== Dataset records ==

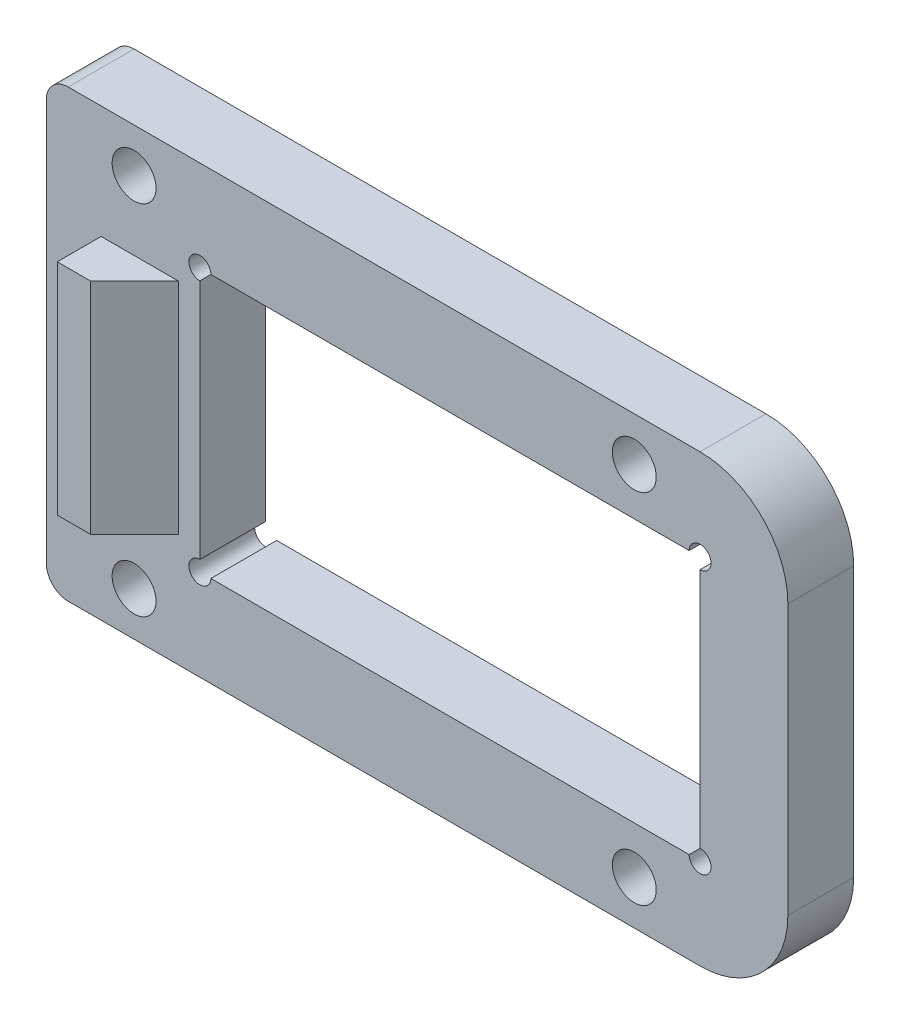
ISO-10303-21;
HEADER;
FILE_DESCRIPTION(('STEP AP214'),'2;1');
FILE_NAME('part.step','',(''),(''),'','','');
FILE_SCHEMA(('AUTOMOTIVE_DESIGN { 1 0 10303 214 1 1 1 1 }'));
ENDSEC;
DATA;
#1=APPLICATION_CONTEXT('core data for automotive mechanical design processes');
#2=APPLICATION_PROTOCOL_DEFINITION('international standard','automotive_design',2000,#1);
#3=PRODUCT_CONTEXT('',#1,'mechanical');
#4=PRODUCT('Part','Part','',(#3));
#5=PRODUCT_RELATED_PRODUCT_CATEGORY('part','',(#4));
#6=PRODUCT_DEFINITION_FORMATION('','',#4);
#7=PRODUCT_DEFINITION_CONTEXT('part definition',#1,'design');
#8=PRODUCT_DEFINITION('design','',#6,#7);
#9=PRODUCT_DEFINITION_SHAPE('','',#8);
#10=(LENGTH_UNIT() NAMED_UNIT(*) SI_UNIT(.MILLI.,.METRE.));
#11=(NAMED_UNIT(*) PLANE_ANGLE_UNIT() SI_UNIT($,.RADIAN.));
#12=(NAMED_UNIT(*) SI_UNIT($,.STERADIAN.) SOLID_ANGLE_UNIT());
#13=UNCERTAINTY_MEASURE_WITH_UNIT(LENGTH_MEASURE(1.E-05),#10,'distance_accuracy_value','');
#14=(GEOMETRIC_REPRESENTATION_CONTEXT(3) GLOBAL_UNCERTAINTY_ASSIGNED_CONTEXT((#13)) GLOBAL_UNIT_ASSIGNED_CONTEXT((#10,
#11,#12)) REPRESENTATION_CONTEXT('',''));
#15=CARTESIAN_POINT('',(0.,0.,0.));
#16=DIRECTION('',(0.,0.,1.));
#17=DIRECTION('',(1.,0.,0.));
#18=AXIS2_PLACEMENT_3D('',#15,#16,#17);
#19=CARTESIAN_POINT('',(0.,0.,3.));
#20=DIRECTION('',(0.,0.,1.));
#21=DIRECTION('',(1.,0.,0.));
#22=AXIS2_PLACEMENT_3D('',#19,#20,#21);
#23=PLANE('',#22);
#24=DIRECTION('',(0.,-1.,0.));
#25=VECTOR('',#24,1.);
#26=CARTESIAN_POINT('',(23.7012187742529,0.,3.));
#27=LINE('',#26,#25);
#28=CARTESIAN_POINT('',(23.7012187742529,5.79297996522203,3.));
#29=VERTEX_POINT('',#28);
#30=CARTESIAN_POINT('',(23.7012187742529,-4.20702003477797,3.));
#31=VERTEX_POINT('',#30);
#32=EDGE_CURVE('E245',#29,#31,#27,.T.);
#33=ORIENTED_EDGE('',*,*,#32,.T.);
#34=DIRECTION('',(1.,0.,0.));
#35=VECTOR('',#34,1.);
#36=CARTESIAN_POINT('',(0.,-4.20702003477797,3.));
#37=LINE('',#36,#35);
#38=CARTESIAN_POINT('',(20.185959930444,-4.20702003477797,3.));
#39=VERTEX_POINT('',#38);
#40=EDGE_CURVE('E238',#39,#31,#37,.T.);
#41=ORIENTED_EDGE('',*,*,#40,.F.);
#42=DIRECTION('',(0.,-1.,0.));
#43=VECTOR('',#42,1.);
#44=CARTESIAN_POINT('',(20.185959930444,0.,3.));
#45=LINE('',#44,#43);
#46=CARTESIAN_POINT('',(20.185959930444,5.79297996522203,3.));
#47=VERTEX_POINT('',#46);
#48=EDGE_CURVE('E241',#47,#39,#45,.T.);
#49=ORIENTED_EDGE('',*,*,#48,.F.);
#50=DIRECTION('',(1.,0.,0.));
#51=VECTOR('',#50,1.);
#52=CARTESIAN_POINT('',(0.,5.79297996522203,3.));
#53=LINE('',#52,#51);
#54=EDGE_CURVE('E220',#47,#29,#53,.T.);
#55=ORIENTED_EDGE('',*,*,#54,.T.);
#56=EDGE_LOOP('',(#33,#41,#49,#55));
#57=FACE_BOUND('',#56,.T.);
#58=DIRECTION('',(0.,-1.,0.));
#59=VECTOR('',#58,1.);
#60=CARTESIAN_POINT('',(47.485959930444,0.,3.));
#61=LINE('',#60,#59);
#62=CARTESIAN_POINT('',(47.485959930444,6.29297996522203,3.));
#63=VERTEX_POINT('',#62);
#64=CARTESIAN_POINT('',(47.485959930444,-4.70702003477797,3.));
#65=VERTEX_POINT('',#64);
#66=EDGE_CURVE('E304',#63,#65,#61,.T.);
#67=ORIENTED_EDGE('',*,*,#66,.T.);
#68=CARTESIAN_POINT('',(47.485959930444,-5.20702003477797,3.));
#69=DIRECTION('',(0.,0.,-1.));
#70=DIRECTION('',(1.,0.,0.));
#71=AXIS2_PLACEMENT_3D('',#68,#69,#70);
#72=CIRCLE('',#71,0.5);
#73=CARTESIAN_POINT('',(46.985959930444,-5.20702003477797,3.));
#74=VERTEX_POINT('',#73);
#75=EDGE_CURVE('E257',#65,#74,#72,.T.);
#76=ORIENTED_EDGE('',*,*,#75,.T.);
#77=DIRECTION('',(1.,0.,0.));
#78=VECTOR('',#77,1.);
#79=CARTESIAN_POINT('',(0.,-5.20702003477798,3.));
#80=LINE('',#79,#78);
#81=CARTESIAN_POINT('',(25.185959930444,-5.20702003477797,3.));
#82=VERTEX_POINT('',#81);
#83=EDGE_CURVE('E266',#82,#74,#80,.T.);
#84=ORIENTED_EDGE('',*,*,#83,.F.);
#85=CARTESIAN_POINT('',(24.685959930444,-5.20702003477797,3.));
#86=DIRECTION('',(0.,0.,-1.));
#87=DIRECTION('',(1.,0.,0.));
#88=AXIS2_PLACEMENT_3D('',#85,#86,#87);
#89=CIRCLE('',#88,0.5);
#90=CARTESIAN_POINT('',(24.685959930444,-4.70702003477798,3.));
#91=VERTEX_POINT('',#90);
#92=EDGE_CURVE('E263',#82,#91,#89,.T.);
#93=ORIENTED_EDGE('',*,*,#92,.T.);
#94=DIRECTION('',(0.,-1.,0.));
#95=VECTOR('',#94,1.);
#96=CARTESIAN_POINT('',(24.685959930444,0.,3.));
#97=LINE('',#96,#95);
#98=CARTESIAN_POINT('',(24.685959930444,6.29297996522203,3.));
#99=VERTEX_POINT('',#98);
#100=EDGE_CURVE('E314',#99,#91,#97,.T.);
#101=ORIENTED_EDGE('',*,*,#100,.F.);
#102=CARTESIAN_POINT('',(24.685959930444,6.79297996522203,3.));
#103=DIRECTION('',(0.,0.,1.));
#104=DIRECTION('',(1.,0.,0.));
#105=AXIS2_PLACEMENT_3D('',#102,#103,#104);
#106=CIRCLE('',#105,0.5);
#107=CARTESIAN_POINT('',(25.185959930444,6.79297996522203,3.));
#108=VERTEX_POINT('',#107);
#109=EDGE_CURVE('E316',#108,#99,#106,.T.);
#110=ORIENTED_EDGE('',*,*,#109,.F.);
#111=DIRECTION('',(1.,0.,0.));
#112=VECTOR('',#111,1.);
#113=CARTESIAN_POINT('',(0.,6.79297996522203,3.));
#114=LINE('',#113,#112);
#115=CARTESIAN_POINT('',(46.985959930444,6.79297996522203,3.));
#116=VERTEX_POINT('',#115);
#117=EDGE_CURVE('E319',#108,#116,#114,.T.);
#118=ORIENTED_EDGE('',*,*,#117,.T.);
#119=CARTESIAN_POINT('',(47.485959930444,6.79297996522203,3.));
#120=DIRECTION('',(0.,0.,1.));
#121=DIRECTION('',(1.,0.,0.));
#122=AXIS2_PLACEMENT_3D('',#119,#120,#121);
#123=CIRCLE('',#122,0.5);
#124=EDGE_CURVE('E301',#63,#116,#123,.T.);
#125=ORIENTED_EDGE('',*,*,#124,.F.);
#126=EDGE_LOOP('',(#67,#76,#84,#93,#101,#110,#118,#125));
#127=FACE_BOUND('',#126,.T.);
#128=CARTESIAN_POINT('',(21.685959930444,8.94297996522203,3.));
#129=DIRECTION('',(0.,0.,1.));
#130=DIRECTION('',(1.,0.,0.));
#131=AXIS2_PLACEMENT_3D('',#128,#129,#130);
#132=CIRCLE('',#131,1.);
#133=CARTESIAN_POINT('',(22.685959930444,8.94297996522203,3.));
#134=VERTEX_POINT('',#133);
#135=EDGE_CURVE('E321',#134,#134,#132,.T.);
#136=ORIENTED_EDGE('',*,*,#135,.F.);
#137=EDGE_LOOP('',(#136));
#138=FACE_BOUND('',#137,.T.);
#139=DIRECTION('',(1.,0.,0.));
#140=VECTOR('',#139,1.);
#141=CARTESIAN_POINT('',(0.,10.942979965222,3.));
#142=LINE('',#141,#140);
#143=CARTESIAN_POINT('',(18.685959930444,10.942979965222,3.));
#144=VERTEX_POINT('',#143);
#145=CARTESIAN_POINT('',(47.485959930444,10.942979965222,3.));
#146=VERTEX_POINT('',#145);
#147=EDGE_CURVE('E310',#144,#146,#142,.T.);
#148=ORIENTED_EDGE('',*,*,#147,.F.);
#149=CARTESIAN_POINT('',(18.685959930444,9.94297996522203,3.));
#150=DIRECTION('',(0.,0.,1.));
#151=DIRECTION('',(1.,0.,0.));
#152=AXIS2_PLACEMENT_3D('',#149,#150,#151);
#153=CIRCLE('',#152,1.);
#154=CARTESIAN_POINT('',(17.685959930444,9.94297996522203,3.));
#155=VERTEX_POINT('',#154);
#156=EDGE_CURVE('E82',#144,#155,#153,.T.);
#157=ORIENTED_EDGE('',*,*,#156,.T.);
#158=DIRECTION('',(0.,-1.,0.));
#159=VECTOR('',#158,1.);
#160=CARTESIAN_POINT('',(17.6859599304441,0.,3.));
#161=LINE('',#160,#159);
#162=CARTESIAN_POINT('',(17.6859599304441,-8.35702003477798,3.));
#163=VERTEX_POINT('',#162);
#164=EDGE_CURVE('E312',#155,#163,#161,.T.);
#165=ORIENTED_EDGE('',*,*,#164,.T.);
#166=CARTESIAN_POINT('',(18.6859599304441,-8.35702003477798,3.));
#167=DIRECTION('',(0.,0.,1.));
#168=DIRECTION('',(1.,0.,0.));
#169=AXIS2_PLACEMENT_3D('',#166,#167,#168);
#170=CIRCLE('',#169,1.);
#171=CARTESIAN_POINT('',(18.6859599304441,-9.35702003477798,3.));
#172=VERTEX_POINT('',#171);
#173=EDGE_CURVE('E89',#163,#172,#170,.T.);
#174=ORIENTED_EDGE('',*,*,#173,.T.);
#175=DIRECTION('',(1.,0.,0.));
#176=VECTOR('',#175,1.);
#177=CARTESIAN_POINT('',(0.,-9.35702003477798,3.));
#178=LINE('',#177,#176);
#179=CARTESIAN_POINT('',(47.485959930444,-9.35702003477797,3.));
#180=VERTEX_POINT('',#179);
#181=EDGE_CURVE('E260',#172,#180,#178,.T.);
#182=ORIENTED_EDGE('',*,*,#181,.T.);
#183=CARTESIAN_POINT('',(47.485959930444,-5.35702003477797,3.));
#184=DIRECTION('',(0.,0.,1.));
#185=DIRECTION('',(1.,0.,0.));
#186=AXIS2_PLACEMENT_3D('',#183,#184,#185);
#187=CIRCLE('',#186,4.);
#188=CARTESIAN_POINT('',(51.485959930444,-5.35702003477797,3.));
#189=VERTEX_POINT('',#188);
#190=EDGE_CURVE('E372',#180,#189,#187,.T.);
#191=ORIENTED_EDGE('',*,*,#190,.T.);
#192=DIRECTION('',(0.,-1.,0.));
#193=VECTOR('',#192,1.);
#194=CARTESIAN_POINT('',(51.485959930444,0.,3.));
#195=LINE('',#194,#193);
#196=CARTESIAN_POINT('',(51.485959930444,6.94297996522203,3.));
#197=VERTEX_POINT('',#196);
#198=EDGE_CURVE('E307',#197,#189,#195,.T.);
#199=ORIENTED_EDGE('',*,*,#198,.F.);
#200=CARTESIAN_POINT('',(47.485959930444,6.94297996522203,3.));
#201=DIRECTION('',(0.,0.,1.));
#202=DIRECTION('',(1.,0.,0.));
#203=AXIS2_PLACEMENT_3D('',#200,#201,#202);
#204=CIRCLE('',#203,4.);
#205=EDGE_CURVE('E374',#197,#146,#204,.T.);
#206=ORIENTED_EDGE('',*,*,#205,.T.);
#207=EDGE_LOOP('',(#148,#157,#165,#174,#182,#191,#199,#206));
#208=FACE_BOUND('',#207,.T.);
#209=CARTESIAN_POINT('',(44.485959930444,8.94297996522203,3.));
#210=DIRECTION('',(0.,0.,1.));
#211=DIRECTION('',(1.,0.,0.));
#212=AXIS2_PLACEMENT_3D('',#209,#210,#211);
#213=CIRCLE('',#212,0.999999999999998);
#214=CARTESIAN_POINT('',(45.485959930444,8.94297996522203,3.));
#215=VERTEX_POINT('',#214);
#216=EDGE_CURVE('E295',#215,#215,#213,.T.);
#217=ORIENTED_EDGE('',*,*,#216,.F.);
#218=EDGE_LOOP('',(#217));
#219=FACE_BOUND('',#218,.T.);
#220=CARTESIAN_POINT('',(21.685959930444,-7.35702003477797,3.));
#221=DIRECTION('',(0.,0.,-1.));
#222=DIRECTION('',(1.,0.,0.));
#223=AXIS2_PLACEMENT_3D('',#220,#221,#222);
#224=CIRCLE('',#223,1.);
#225=CARTESIAN_POINT('',(22.685959930444,-7.35702003477797,3.));
#226=VERTEX_POINT('',#225);
#227=EDGE_CURVE('E269',#226,#226,#224,.T.);
#228=ORIENTED_EDGE('',*,*,#227,.T.);
#229=EDGE_LOOP('',(#228));
#230=FACE_BOUND('',#229,.T.);
#231=CARTESIAN_POINT('',(44.485959930444,-7.35702003477797,3.));
#232=DIRECTION('',(0.,0.,-1.));
#233=DIRECTION('',(1.,0.,0.));
#234=AXIS2_PLACEMENT_3D('',#231,#232,#233);
#235=CIRCLE('',#234,0.999999999999998);
#236=CARTESIAN_POINT('',(45.485959930444,-7.35702003477797,3.));
#237=VERTEX_POINT('',#236);
#238=EDGE_CURVE('E251',#237,#237,#235,.T.);
#239=ORIENTED_EDGE('',*,*,#238,.T.);
#240=EDGE_LOOP('',(#239));
#241=FACE_BOUND('',#240,.T.);
#242=ADVANCED_FACE('F74',(#57,#127,#138,#208,#219,#230,#241),#23,.T.);
#243=CARTESIAN_POINT('',(0.,0.,0.));
#244=DIRECTION('',(0.,0.,1.));
#245=DIRECTION('',(1.,0.,0.));
#246=AXIS2_PLACEMENT_3D('',#243,#244,#245);
#247=PLANE('',#246);
#248=CARTESIAN_POINT('',(47.485959930444,-5.20702003477797,0.));
#249=DIRECTION('',(0.,0.,-1.));
#250=DIRECTION('',(1.,0.,0.));
#251=AXIS2_PLACEMENT_3D('',#248,#249,#250);
#252=CIRCLE('',#251,0.5);
#253=CARTESIAN_POINT('',(47.485959930444,-4.70702003477797,0.));
#254=VERTEX_POINT('',#253);
#255=CARTESIAN_POINT('',(46.985959930444,-5.20702003477797,0.));
#256=VERTEX_POINT('',#255);
#257=EDGE_CURVE('E254',#254,#256,#252,.T.);
#258=ORIENTED_EDGE('',*,*,#257,.F.);
#259=DIRECTION('',(0.,-1.,0.));
#260=VECTOR('',#259,1.);
#261=CARTESIAN_POINT('',(47.485959930444,0.,0.));
#262=LINE('',#261,#260);
#263=CARTESIAN_POINT('',(47.485959930444,6.29297996522203,0.));
#264=VERTEX_POINT('',#263);
#265=EDGE_CURVE('E327',#264,#254,#262,.T.);
#266=ORIENTED_EDGE('',*,*,#265,.F.);
#267=CARTESIAN_POINT('',(47.485959930444,6.79297996522203,0.));
#268=DIRECTION('',(0.,0.,1.));
#269=DIRECTION('',(1.,0.,0.));
#270=AXIS2_PLACEMENT_3D('',#267,#268,#269);
#271=CIRCLE('',#270,0.5);
#272=CARTESIAN_POINT('',(46.985959930444,6.79297996522203,0.));
#273=VERTEX_POINT('',#272);
#274=EDGE_CURVE('E298',#264,#273,#271,.T.);
#275=ORIENTED_EDGE('',*,*,#274,.T.);
#276=DIRECTION('',(1.,0.,0.));
#277=VECTOR('',#276,1.);
#278=CARTESIAN_POINT('',(0.,6.79297996522203,0.));
#279=LINE('',#278,#277);
#280=CARTESIAN_POINT('',(25.185959930444,6.79297996522203,0.));
#281=VERTEX_POINT('',#280);
#282=EDGE_CURVE('E342',#281,#273,#279,.T.);
#283=ORIENTED_EDGE('',*,*,#282,.F.);
#284=CARTESIAN_POINT('',(24.685959930444,6.79297996522203,0.));
#285=DIRECTION('',(0.,0.,1.));
#286=DIRECTION('',(1.,0.,0.));
#287=AXIS2_PLACEMENT_3D('',#284,#285,#286);
#288=CIRCLE('',#287,0.5);
#289=CARTESIAN_POINT('',(24.685959930444,6.29297996522203,0.));
#290=VERTEX_POINT('',#289);
#291=EDGE_CURVE('E339',#281,#290,#288,.T.);
#292=ORIENTED_EDGE('',*,*,#291,.T.);
#293=DIRECTION('',(0.,-1.,0.));
#294=VECTOR('',#293,1.);
#295=CARTESIAN_POINT('',(24.685959930444,0.,0.));
#296=LINE('',#295,#294);
#297=CARTESIAN_POINT('',(24.685959930444,-4.70702003477798,0.));
#298=VERTEX_POINT('',#297);
#299=EDGE_CURVE('E337',#290,#298,#296,.T.);
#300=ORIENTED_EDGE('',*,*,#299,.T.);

===

◆ What you should do: In the entries above, one line contains "#178=LINE('',#177,#176);" and another contains "#193=VECTOR('',#192,1.);". Reproduce exactly those two lines and the lines between them, nothing else.

◆ Task response:
#178=LINE('',#177,#176);
#179=CARTESIAN_POINT('',(47.485959930444,-9.35702003477797,3.));
#180=VERTEX_POINT('',#179);
#181=EDGE_CURVE('E260',#172,#180,#178,.T.);
#182=ORIENTED_EDGE('',*,*,#181,.T.);
#183=CARTESIAN_POINT('',(47.485959930444,-5.35702003477797,3.));
#184=DIRECTION('',(0.,0.,1.));
#185=DIRECTION('',(1.,0.,0.));
#186=AXIS2_PLACEMENT_3D('',#183,#184,#185);
#187=CIRCLE('',#186,4.);
#188=CARTESIAN_POINT('',(51.485959930444,-5.35702003477797,3.));
#189=VERTEX_POINT('',#188);
#190=EDGE_CURVE('E372',#180,#189,#187,.T.);
#191=ORIENTED_EDGE('',*,*,#190,.T.);
#192=DIRECTION('',(0.,-1.,0.));
#193=VECTOR('',#192,1.);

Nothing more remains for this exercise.